# classic - unequal double shot quantities



## GS11 (Feb 20, 2013)

I am occasionally getting the situation where the classic is extracting more espresso on one side of the double portafilter when filling shot glasses. i.e. uneven levels

Classic has been recently descaled and has the opv adjustment and using freshly ground beans.

Anyone else come across this issue and understand why this is occurring.

Thanks:coffee:


----------



## The Systemic Kid (Nov 23, 2012)

GS11 said:


> I am occasionally getting the situation where the classic is extracting more espresso on one side of the double portafilter when filling shot glasses. i.e. uneven levels
> 
> Classic has been recently descaled and has the opv adjustment and using freshly ground beans.
> 
> ...


It's pretty common on the Classic - well, it was on mine. If it's not severe, I wouldn't worry. Main reason for uneven extraction is channelling - water coming through the puck unevenly. Is your puck, once tamped, level on all sides? Check this first. Also worth checking your shower screen to make sure it's not blocked at all. If you are really obsessive about it, a naked portafilter will show you if channelling is the culprit.


----------



## GS11 (Feb 20, 2013)

^^^Thanks and very helpful.

Shower screen and basket are all clear.

I will focus on my technique


----------



## MarcEvans (Jan 23, 2013)

My Classic has always done that too. I've played around with the tamp, making sure its nice and even and that my screen is clean but it doesn't seem to make a difference. I've just put it down to a quirk of the machine.


----------



## mookielagoo (Dec 12, 2012)

Yeah...happens to me a lot...I ended putting a couple of pennies under the feet and also tamping with my fingers actually at the base of the tamp (rather than down through the handle) this seemed to sort it!!


----------



## Big Tony (Dec 18, 2012)

Yep.. mine does the same. Seems to be slower on the right stream. Quite annoying because you have to switch off as the left stream fills to the top. I end up missing 1-2mm


----------



## The Systemic Kid (Nov 23, 2012)

Big Tony said:


> Yep.. mine does the same. Seems to be slower on the right stream. Quite annoying because you have to switch off as the left stream fills to the top. I end up missing 1-2mm


Or you can do the quick hand shuffle, Tony. I got really adept switching espresso cups around to ensure even distribution.


----------



## rodabod (Dec 4, 2011)

The Systemic Kid said:


> Or you can do the quick hand shuffle


Fnar, fnar.

Streams run slightly faster on the left due to the water inlet at the element arriving on the left hand side.


----------



## talktotheduck (Feb 26, 2013)

Is the machine 100% level on all four axis? I would imagine the coffee would pour out whichever spout gave the least resistance


----------



## Big Tony (Dec 18, 2012)

I think it is as Rod says... The main inlet for the classic is on the left which causes the majority of the water to pool on that side


----------



## rodabod (Dec 4, 2011)

It's not really a problem in practice. I always pour into a single glass.


----------



## seeq (Jul 9, 2011)

If its a standard gaggia PF and spout then channeling and tamping shouldn't make any difference to the streams being even, there is a slight dip in the bottom of the spout which would even things up.

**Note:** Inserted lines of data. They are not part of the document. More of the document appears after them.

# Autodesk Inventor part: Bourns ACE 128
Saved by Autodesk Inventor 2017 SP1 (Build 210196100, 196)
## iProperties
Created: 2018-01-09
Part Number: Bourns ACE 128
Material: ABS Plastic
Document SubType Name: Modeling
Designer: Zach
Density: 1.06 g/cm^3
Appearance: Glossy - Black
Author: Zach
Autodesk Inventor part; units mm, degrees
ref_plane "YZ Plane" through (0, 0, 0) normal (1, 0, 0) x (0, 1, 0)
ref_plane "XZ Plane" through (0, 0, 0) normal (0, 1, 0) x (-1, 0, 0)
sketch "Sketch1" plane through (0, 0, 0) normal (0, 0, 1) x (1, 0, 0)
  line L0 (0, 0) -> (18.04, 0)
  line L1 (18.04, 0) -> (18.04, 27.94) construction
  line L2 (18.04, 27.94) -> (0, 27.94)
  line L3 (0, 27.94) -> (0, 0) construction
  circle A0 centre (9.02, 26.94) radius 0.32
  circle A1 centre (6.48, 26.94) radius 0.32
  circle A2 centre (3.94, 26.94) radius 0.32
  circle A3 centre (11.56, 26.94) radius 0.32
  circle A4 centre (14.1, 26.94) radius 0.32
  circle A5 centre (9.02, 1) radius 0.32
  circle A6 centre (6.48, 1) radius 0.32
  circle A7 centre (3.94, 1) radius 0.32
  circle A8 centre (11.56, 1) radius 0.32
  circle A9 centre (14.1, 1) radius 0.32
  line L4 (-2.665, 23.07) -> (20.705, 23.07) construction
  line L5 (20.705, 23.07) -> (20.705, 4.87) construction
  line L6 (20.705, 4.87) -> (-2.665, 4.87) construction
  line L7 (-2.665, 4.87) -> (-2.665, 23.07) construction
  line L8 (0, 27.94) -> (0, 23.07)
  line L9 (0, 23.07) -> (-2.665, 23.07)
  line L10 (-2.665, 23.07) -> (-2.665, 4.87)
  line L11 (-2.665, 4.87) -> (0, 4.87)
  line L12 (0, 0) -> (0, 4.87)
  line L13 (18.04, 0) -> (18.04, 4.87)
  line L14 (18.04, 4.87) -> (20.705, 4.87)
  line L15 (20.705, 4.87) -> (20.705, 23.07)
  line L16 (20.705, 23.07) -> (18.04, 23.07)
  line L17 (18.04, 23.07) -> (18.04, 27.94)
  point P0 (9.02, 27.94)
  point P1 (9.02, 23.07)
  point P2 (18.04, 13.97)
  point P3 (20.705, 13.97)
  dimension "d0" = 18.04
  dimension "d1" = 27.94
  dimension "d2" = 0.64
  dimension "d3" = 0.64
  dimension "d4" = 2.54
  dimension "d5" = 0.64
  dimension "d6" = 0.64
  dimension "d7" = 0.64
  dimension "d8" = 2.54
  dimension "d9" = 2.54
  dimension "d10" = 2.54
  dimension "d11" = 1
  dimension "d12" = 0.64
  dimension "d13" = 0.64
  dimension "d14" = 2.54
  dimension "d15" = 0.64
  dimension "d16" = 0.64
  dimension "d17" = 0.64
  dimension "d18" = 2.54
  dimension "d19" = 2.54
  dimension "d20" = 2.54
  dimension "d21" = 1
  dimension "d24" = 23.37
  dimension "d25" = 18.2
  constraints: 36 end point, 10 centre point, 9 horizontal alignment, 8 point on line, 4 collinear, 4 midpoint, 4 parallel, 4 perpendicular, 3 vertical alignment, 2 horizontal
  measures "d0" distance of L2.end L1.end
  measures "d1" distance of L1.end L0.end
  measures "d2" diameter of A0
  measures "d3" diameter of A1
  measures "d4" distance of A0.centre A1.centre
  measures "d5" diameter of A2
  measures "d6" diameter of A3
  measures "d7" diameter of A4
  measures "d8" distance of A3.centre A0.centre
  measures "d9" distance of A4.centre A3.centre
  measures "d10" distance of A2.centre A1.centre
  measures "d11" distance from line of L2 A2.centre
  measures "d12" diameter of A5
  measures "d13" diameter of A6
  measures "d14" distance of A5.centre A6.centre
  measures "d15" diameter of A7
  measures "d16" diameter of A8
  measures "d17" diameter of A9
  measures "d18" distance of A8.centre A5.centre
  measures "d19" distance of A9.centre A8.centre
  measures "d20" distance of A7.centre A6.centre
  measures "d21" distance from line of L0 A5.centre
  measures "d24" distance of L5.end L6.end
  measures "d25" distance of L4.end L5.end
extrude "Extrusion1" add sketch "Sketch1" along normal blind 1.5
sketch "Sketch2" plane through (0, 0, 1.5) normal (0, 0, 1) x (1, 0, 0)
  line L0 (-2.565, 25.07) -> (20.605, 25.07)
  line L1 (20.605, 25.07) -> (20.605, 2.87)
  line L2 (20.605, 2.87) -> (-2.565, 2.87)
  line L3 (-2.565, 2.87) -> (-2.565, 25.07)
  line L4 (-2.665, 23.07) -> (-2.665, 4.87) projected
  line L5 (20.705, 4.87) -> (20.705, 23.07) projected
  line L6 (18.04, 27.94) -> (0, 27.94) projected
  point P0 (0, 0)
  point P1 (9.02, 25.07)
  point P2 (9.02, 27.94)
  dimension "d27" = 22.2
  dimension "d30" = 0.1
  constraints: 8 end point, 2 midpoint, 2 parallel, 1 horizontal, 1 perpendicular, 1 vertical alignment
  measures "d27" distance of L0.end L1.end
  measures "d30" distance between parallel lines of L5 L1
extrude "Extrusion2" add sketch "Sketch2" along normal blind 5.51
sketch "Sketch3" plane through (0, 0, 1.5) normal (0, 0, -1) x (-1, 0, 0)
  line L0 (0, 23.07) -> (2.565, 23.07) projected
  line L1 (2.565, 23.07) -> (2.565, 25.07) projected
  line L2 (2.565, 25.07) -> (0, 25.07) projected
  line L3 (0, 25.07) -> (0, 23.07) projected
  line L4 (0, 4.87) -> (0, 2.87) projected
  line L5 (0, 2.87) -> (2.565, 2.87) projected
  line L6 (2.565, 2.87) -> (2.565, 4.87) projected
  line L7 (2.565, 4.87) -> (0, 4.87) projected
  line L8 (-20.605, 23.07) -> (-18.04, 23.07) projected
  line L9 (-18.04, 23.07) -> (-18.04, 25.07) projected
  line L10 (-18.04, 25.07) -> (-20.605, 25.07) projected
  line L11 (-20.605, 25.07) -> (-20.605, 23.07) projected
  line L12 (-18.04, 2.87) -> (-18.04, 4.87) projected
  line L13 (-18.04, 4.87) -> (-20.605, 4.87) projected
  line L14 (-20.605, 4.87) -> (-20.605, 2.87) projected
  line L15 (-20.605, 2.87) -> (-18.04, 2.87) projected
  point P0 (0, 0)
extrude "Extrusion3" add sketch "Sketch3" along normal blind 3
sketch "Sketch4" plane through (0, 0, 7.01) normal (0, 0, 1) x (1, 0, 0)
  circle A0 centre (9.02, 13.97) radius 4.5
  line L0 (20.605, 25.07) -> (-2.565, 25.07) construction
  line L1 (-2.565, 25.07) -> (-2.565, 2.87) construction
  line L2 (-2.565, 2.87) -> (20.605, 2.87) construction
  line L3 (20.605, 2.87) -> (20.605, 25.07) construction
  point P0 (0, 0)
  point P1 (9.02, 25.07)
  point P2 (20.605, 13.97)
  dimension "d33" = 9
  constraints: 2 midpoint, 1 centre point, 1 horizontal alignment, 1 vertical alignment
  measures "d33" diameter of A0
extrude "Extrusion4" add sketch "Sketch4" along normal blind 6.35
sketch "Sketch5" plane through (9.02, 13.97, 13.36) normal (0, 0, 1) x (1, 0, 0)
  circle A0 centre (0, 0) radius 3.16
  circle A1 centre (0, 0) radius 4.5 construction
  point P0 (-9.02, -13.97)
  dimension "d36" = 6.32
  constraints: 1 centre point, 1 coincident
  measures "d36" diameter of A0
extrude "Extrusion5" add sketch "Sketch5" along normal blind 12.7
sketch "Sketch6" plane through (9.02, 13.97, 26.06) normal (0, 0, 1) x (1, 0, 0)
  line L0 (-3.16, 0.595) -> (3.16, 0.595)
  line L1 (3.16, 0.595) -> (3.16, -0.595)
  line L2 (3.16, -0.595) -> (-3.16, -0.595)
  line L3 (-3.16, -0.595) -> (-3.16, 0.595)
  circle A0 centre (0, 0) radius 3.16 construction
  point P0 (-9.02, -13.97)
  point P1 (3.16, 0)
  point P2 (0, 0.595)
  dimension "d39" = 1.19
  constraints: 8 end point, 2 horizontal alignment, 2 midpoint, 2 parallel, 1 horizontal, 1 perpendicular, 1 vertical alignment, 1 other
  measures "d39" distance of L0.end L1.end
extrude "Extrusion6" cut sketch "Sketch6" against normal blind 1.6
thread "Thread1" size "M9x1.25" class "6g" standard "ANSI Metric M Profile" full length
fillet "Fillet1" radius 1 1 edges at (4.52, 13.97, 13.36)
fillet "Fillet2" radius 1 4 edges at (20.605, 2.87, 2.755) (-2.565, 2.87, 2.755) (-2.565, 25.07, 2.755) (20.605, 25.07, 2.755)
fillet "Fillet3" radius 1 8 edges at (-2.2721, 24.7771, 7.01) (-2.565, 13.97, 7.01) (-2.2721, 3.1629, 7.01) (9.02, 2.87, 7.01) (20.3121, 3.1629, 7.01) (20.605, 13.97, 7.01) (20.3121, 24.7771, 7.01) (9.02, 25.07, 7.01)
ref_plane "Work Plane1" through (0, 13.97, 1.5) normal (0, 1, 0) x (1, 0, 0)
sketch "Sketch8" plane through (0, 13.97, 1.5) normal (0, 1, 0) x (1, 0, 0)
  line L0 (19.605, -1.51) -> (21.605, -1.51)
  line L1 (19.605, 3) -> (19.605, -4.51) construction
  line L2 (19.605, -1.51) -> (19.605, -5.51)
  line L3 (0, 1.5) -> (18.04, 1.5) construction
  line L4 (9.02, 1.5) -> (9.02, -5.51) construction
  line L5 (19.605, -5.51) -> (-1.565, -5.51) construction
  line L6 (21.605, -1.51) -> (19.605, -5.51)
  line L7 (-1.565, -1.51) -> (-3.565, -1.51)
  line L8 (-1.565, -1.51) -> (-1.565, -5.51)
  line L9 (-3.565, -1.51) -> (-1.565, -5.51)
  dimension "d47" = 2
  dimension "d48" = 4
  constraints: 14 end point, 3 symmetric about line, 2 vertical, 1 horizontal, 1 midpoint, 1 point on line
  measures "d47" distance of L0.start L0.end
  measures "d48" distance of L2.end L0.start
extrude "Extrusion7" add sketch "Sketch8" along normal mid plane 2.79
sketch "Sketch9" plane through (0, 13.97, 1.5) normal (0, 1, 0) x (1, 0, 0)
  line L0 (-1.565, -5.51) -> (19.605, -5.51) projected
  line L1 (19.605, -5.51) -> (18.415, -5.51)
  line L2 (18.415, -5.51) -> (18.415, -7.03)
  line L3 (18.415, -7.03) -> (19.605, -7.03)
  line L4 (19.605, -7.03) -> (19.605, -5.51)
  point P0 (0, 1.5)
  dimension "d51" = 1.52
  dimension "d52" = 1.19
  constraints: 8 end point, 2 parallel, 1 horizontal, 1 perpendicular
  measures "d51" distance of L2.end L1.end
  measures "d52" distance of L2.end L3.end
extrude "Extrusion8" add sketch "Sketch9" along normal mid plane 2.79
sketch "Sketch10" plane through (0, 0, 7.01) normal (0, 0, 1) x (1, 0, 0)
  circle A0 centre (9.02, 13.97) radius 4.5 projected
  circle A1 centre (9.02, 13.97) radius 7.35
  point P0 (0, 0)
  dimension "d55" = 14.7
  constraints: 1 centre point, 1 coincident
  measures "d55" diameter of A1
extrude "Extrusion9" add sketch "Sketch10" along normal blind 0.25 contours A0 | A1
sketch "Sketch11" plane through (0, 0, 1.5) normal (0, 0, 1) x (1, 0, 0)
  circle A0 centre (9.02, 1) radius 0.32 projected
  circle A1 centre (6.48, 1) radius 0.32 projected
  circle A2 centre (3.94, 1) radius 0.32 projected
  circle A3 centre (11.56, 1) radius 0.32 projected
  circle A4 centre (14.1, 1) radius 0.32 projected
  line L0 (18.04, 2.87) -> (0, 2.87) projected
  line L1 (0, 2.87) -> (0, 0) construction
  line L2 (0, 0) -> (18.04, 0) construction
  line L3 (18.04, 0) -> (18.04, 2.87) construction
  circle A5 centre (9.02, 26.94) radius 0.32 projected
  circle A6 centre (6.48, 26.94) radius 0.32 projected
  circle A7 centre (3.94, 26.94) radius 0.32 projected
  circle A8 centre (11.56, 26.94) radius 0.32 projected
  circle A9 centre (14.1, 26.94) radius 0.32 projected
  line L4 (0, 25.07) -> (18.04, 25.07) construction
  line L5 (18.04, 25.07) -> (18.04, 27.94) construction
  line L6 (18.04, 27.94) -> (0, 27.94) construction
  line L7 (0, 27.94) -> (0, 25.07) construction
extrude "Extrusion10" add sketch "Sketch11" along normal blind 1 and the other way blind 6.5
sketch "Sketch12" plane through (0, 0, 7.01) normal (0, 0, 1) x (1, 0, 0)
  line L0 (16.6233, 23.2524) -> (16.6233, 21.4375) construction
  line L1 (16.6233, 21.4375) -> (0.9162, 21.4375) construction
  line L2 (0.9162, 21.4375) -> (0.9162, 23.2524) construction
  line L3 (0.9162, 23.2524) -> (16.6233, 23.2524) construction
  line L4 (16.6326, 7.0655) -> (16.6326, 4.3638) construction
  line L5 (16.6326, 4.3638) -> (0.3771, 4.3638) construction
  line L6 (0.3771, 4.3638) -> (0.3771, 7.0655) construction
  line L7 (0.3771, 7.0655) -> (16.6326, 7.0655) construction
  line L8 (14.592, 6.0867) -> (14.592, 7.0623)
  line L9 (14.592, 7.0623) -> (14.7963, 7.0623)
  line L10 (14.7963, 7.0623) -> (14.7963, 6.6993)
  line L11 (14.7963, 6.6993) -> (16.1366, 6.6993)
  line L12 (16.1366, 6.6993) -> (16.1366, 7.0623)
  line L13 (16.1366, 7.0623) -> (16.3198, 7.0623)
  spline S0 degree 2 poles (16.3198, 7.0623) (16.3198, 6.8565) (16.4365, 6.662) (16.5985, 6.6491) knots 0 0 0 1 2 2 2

The cause would most likely be the level of the machine, even a millimetre out will make a small difference.

Most importantly, never, ever cross the streams!


----------



## Danm (Jan 26, 2012)

Check your work surface is level. After much pondering when i had the problem, this is what it was


----------



## GS11 (Feb 20, 2013)

The Systemic Kid said:


> Or you can do *the quick hand shuffle*, Tony. I got really adept switching espresso cups around to ensure even distribution.


lol







will give this a try!



rodabod said:


> Streams run slightly faster on the left due to the water inlet at the element arriving on the left hand side.


Yes I've noticed this 'design flaw' when dismantling/ cleaning the group head.



Danm said:


> Check your work surface is level. After much pondering when I had the problem, this is what it was


A few people have mentioned this already. Could be a simple fix!

I'm going to experiment tomorrow morning as have a session planned dialling in some Rave Signature:good:


----------



## GS11 (Feb 20, 2013)

Update: the session went very well today with much better equal levels at the shot glasses from the off after *re-positioning the machine. *Was also paying particular attention to my tamping technique.Tbh I'm only occasionally using the double spout and shot glasses when dialling in for new beans or for special occasions and will be going back too single spout extracting straight into cup (where the issue is not a concern)


----------



## Godders (Dec 29, 2012)

mookielagoo said:


> ....tamping with my fingers actually at the base of the tamp (rather than down through the handle) this seemed to sort it!!


This technique is recommended by Gwilym Davies (if I'm reading you right).


----------